= Beginning of Section =
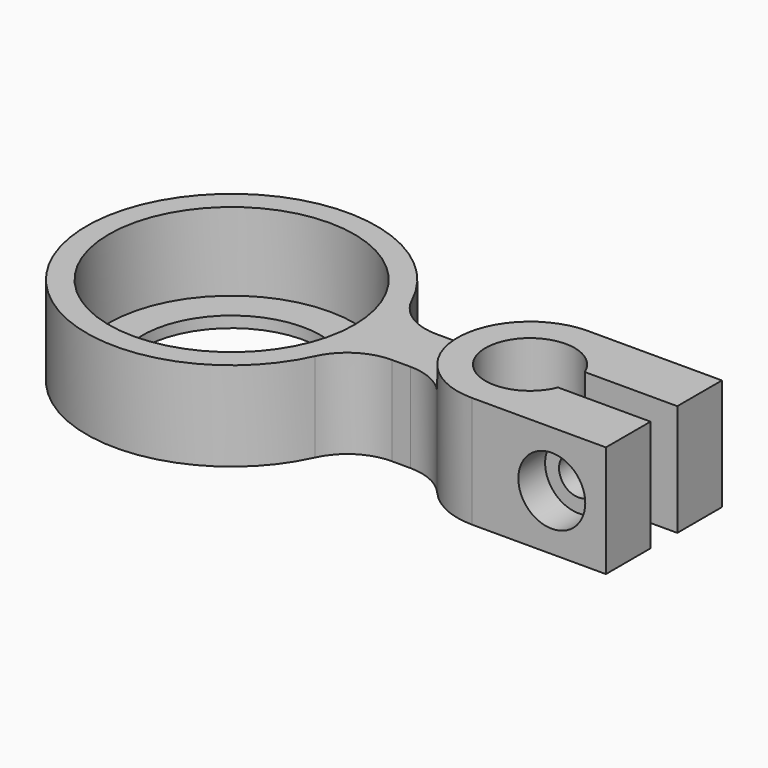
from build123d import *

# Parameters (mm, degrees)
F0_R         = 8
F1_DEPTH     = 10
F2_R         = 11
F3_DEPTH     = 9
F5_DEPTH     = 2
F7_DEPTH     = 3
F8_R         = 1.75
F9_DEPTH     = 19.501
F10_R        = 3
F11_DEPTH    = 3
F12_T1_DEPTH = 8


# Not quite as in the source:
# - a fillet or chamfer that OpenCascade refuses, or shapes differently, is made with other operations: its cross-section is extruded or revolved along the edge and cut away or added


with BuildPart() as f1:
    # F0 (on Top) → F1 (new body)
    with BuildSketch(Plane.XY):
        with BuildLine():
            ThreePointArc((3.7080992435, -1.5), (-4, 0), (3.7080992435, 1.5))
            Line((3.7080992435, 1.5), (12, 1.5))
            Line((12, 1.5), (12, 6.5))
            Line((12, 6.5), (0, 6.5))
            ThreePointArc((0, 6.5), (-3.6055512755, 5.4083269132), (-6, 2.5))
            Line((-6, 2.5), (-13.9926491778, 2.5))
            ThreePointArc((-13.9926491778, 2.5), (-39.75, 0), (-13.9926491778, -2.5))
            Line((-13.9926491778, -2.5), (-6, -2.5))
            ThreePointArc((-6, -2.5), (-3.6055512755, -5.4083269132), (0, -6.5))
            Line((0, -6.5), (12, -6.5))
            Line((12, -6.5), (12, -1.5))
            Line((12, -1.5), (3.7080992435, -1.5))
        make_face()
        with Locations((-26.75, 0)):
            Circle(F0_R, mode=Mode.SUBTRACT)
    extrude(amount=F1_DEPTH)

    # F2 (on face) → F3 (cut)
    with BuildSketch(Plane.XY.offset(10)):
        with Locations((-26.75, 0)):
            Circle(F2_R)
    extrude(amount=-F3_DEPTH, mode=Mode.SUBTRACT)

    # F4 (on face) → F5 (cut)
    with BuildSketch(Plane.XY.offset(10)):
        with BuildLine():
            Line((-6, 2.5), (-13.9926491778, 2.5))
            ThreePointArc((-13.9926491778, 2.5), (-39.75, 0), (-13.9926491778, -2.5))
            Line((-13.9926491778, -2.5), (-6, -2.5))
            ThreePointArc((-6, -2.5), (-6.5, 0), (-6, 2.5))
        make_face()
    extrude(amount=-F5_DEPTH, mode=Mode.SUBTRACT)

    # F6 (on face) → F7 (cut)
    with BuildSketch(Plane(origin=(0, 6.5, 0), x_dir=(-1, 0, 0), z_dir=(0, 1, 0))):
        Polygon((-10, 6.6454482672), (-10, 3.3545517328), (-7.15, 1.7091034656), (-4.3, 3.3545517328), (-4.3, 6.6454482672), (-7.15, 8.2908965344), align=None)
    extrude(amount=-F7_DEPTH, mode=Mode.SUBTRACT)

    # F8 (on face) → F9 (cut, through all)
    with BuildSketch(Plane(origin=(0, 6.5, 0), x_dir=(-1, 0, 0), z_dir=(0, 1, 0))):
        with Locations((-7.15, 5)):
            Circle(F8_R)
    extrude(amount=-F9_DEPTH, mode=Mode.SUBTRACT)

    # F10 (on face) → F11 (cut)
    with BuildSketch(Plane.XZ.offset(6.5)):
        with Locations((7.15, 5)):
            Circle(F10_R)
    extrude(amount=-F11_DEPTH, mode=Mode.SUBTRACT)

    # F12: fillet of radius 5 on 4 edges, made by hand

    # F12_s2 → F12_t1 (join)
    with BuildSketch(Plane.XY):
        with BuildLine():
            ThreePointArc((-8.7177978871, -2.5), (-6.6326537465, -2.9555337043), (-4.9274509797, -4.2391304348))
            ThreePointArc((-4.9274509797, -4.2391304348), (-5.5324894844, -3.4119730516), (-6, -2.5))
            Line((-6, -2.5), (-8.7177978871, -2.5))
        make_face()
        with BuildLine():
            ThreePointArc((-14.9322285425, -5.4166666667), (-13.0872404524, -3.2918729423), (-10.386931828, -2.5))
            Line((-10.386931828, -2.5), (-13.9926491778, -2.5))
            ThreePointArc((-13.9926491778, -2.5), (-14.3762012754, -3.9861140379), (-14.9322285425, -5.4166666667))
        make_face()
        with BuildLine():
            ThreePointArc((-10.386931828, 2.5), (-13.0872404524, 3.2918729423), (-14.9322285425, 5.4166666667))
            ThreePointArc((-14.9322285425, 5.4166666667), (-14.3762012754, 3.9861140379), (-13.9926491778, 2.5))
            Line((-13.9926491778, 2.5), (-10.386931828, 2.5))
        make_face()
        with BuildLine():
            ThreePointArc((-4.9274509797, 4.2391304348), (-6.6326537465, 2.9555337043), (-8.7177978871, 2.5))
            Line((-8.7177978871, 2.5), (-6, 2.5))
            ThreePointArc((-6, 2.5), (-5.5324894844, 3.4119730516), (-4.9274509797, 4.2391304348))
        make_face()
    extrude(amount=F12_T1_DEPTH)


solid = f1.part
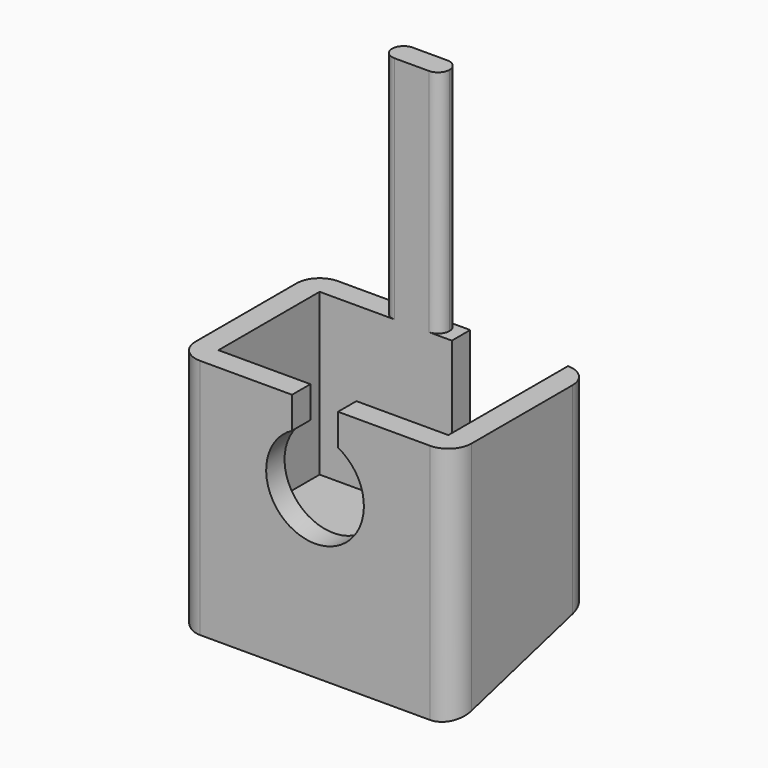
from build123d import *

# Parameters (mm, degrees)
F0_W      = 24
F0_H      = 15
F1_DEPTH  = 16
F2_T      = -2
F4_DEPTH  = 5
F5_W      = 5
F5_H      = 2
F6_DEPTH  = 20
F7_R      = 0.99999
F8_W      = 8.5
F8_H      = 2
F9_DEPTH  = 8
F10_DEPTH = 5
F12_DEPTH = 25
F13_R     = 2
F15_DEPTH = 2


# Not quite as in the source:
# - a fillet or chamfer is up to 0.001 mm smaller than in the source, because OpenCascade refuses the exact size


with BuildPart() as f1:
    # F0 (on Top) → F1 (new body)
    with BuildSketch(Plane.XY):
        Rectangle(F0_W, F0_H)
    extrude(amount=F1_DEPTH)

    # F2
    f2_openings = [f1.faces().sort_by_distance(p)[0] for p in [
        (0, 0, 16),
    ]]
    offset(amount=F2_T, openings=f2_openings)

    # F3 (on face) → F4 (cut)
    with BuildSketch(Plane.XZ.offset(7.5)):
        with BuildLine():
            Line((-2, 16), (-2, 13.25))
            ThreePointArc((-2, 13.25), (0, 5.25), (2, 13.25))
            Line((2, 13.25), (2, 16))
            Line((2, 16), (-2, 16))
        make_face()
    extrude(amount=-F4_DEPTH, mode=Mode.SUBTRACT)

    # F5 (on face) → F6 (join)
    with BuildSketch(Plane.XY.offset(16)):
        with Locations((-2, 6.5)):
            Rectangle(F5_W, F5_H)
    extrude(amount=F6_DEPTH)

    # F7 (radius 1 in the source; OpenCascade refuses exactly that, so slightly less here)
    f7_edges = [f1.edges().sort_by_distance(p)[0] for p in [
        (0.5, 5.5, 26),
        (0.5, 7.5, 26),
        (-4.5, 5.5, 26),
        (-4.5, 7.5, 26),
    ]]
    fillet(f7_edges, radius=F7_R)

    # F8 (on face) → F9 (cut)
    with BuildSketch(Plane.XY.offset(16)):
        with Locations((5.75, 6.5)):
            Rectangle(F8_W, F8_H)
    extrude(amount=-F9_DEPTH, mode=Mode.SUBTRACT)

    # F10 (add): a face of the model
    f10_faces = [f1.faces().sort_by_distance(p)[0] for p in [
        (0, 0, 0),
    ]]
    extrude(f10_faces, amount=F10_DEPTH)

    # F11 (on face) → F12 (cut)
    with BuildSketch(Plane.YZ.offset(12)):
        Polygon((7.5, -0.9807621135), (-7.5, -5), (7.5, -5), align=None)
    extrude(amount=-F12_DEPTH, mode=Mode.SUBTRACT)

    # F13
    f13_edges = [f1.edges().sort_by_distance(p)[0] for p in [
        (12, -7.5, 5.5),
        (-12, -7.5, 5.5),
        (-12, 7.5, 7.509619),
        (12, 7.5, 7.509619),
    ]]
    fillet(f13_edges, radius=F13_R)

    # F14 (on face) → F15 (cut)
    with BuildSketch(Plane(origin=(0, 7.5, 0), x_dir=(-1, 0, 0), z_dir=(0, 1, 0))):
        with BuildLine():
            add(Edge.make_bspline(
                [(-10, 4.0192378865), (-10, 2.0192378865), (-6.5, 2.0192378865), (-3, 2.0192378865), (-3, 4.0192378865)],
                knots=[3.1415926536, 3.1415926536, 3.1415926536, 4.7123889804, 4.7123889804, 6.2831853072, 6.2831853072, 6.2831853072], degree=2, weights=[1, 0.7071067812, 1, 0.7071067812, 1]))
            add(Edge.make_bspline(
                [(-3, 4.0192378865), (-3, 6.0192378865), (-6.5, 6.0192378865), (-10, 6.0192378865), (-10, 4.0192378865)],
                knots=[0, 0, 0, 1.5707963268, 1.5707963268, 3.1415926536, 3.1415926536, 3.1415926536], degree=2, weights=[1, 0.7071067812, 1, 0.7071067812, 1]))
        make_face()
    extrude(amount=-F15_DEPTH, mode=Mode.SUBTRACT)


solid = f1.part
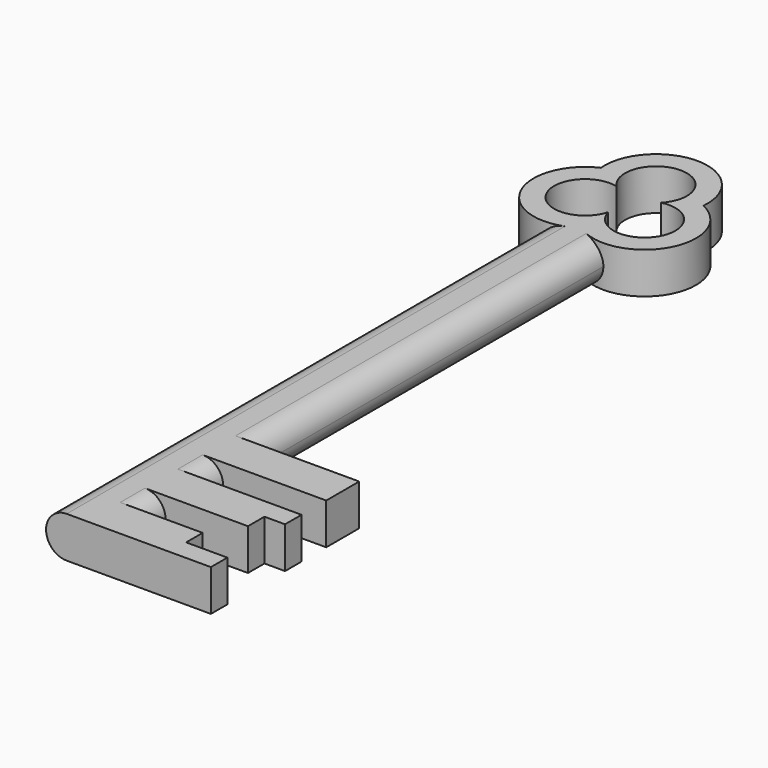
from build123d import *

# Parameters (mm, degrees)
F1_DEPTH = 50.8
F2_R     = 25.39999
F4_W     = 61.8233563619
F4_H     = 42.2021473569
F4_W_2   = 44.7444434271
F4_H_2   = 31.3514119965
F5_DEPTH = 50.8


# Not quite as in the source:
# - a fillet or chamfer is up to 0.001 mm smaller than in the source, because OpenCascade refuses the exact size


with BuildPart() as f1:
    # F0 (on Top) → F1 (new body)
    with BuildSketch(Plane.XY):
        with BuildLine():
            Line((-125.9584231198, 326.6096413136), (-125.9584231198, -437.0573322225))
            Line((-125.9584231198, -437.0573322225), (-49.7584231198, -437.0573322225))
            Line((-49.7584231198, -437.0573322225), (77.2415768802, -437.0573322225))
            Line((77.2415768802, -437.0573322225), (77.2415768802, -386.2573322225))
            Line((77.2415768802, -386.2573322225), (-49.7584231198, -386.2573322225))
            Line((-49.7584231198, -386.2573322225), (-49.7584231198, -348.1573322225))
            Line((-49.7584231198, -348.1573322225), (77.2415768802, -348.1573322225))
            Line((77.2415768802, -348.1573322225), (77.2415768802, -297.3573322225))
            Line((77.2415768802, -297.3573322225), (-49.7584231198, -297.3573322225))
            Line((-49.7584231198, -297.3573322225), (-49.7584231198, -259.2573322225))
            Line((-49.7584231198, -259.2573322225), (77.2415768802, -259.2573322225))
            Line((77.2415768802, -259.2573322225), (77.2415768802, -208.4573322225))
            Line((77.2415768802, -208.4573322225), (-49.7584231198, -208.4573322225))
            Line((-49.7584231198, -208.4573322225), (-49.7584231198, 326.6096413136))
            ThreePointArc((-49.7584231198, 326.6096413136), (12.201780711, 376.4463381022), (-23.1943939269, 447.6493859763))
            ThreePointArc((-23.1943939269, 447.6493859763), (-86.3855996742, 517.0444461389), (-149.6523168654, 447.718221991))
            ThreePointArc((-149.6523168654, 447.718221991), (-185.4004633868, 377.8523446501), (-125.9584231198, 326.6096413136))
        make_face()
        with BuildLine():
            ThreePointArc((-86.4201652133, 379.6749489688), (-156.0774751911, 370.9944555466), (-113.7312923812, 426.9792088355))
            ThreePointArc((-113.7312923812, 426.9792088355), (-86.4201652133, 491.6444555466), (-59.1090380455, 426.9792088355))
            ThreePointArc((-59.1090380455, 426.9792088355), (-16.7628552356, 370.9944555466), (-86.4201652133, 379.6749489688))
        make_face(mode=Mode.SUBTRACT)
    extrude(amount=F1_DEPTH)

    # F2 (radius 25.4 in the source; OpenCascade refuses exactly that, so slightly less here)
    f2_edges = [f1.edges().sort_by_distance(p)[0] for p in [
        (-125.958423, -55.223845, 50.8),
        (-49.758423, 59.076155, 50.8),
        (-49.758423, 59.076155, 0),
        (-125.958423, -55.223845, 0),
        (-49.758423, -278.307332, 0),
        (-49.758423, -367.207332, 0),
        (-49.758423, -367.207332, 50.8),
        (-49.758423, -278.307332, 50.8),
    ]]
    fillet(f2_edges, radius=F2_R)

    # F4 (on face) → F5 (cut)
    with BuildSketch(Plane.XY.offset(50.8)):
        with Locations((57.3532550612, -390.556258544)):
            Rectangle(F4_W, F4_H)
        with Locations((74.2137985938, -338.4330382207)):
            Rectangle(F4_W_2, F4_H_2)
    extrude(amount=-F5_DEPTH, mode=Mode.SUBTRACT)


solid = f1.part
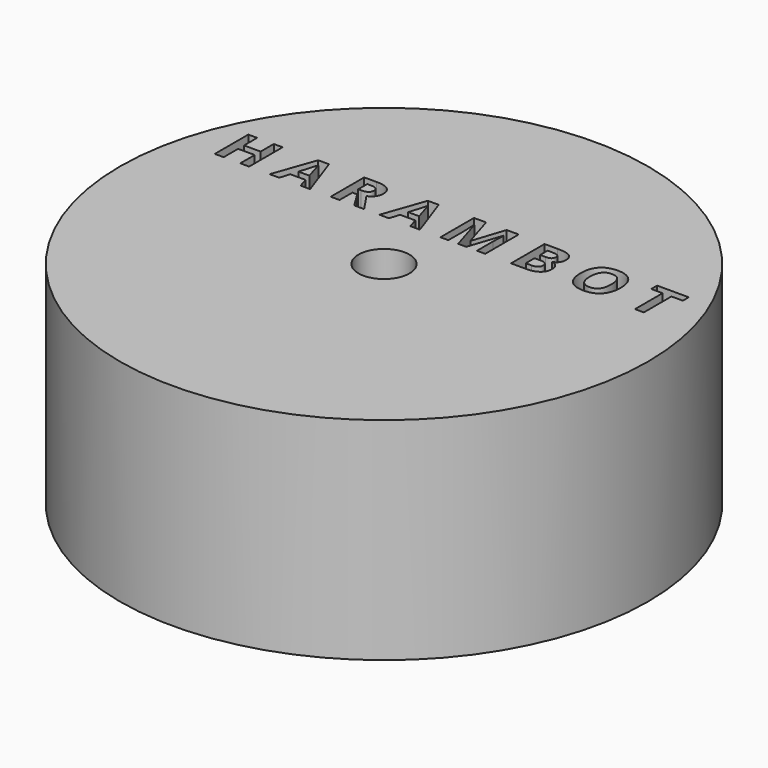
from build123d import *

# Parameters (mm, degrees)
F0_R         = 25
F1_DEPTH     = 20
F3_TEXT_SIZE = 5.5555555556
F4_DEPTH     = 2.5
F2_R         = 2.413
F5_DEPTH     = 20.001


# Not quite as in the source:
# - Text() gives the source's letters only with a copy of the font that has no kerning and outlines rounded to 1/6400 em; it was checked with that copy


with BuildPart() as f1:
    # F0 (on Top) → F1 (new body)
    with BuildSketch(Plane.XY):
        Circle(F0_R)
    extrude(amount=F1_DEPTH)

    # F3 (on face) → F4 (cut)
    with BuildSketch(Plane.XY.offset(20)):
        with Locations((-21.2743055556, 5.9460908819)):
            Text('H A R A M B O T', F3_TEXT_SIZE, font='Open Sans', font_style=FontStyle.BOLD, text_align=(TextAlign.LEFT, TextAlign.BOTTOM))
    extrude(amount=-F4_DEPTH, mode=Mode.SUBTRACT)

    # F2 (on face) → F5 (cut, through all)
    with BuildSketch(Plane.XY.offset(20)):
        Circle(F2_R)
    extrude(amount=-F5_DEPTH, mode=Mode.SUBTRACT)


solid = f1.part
= End of Section =
Task to complete:
From the listing above, return every line that carries the string "Polygon".

Answer to this exercise:
        Polygon((-10, 6.6454482672), (-10, 3.3545517328), (-7.15, 1.7091034656), (-4.3, 3.3545517328), (-4.3, 6.6454482672), (-7.15, 8.2908965344), align=None)
        Polygon((7.5, -0.9807621135), (-7.5, -5), (7.5, -5), align=None)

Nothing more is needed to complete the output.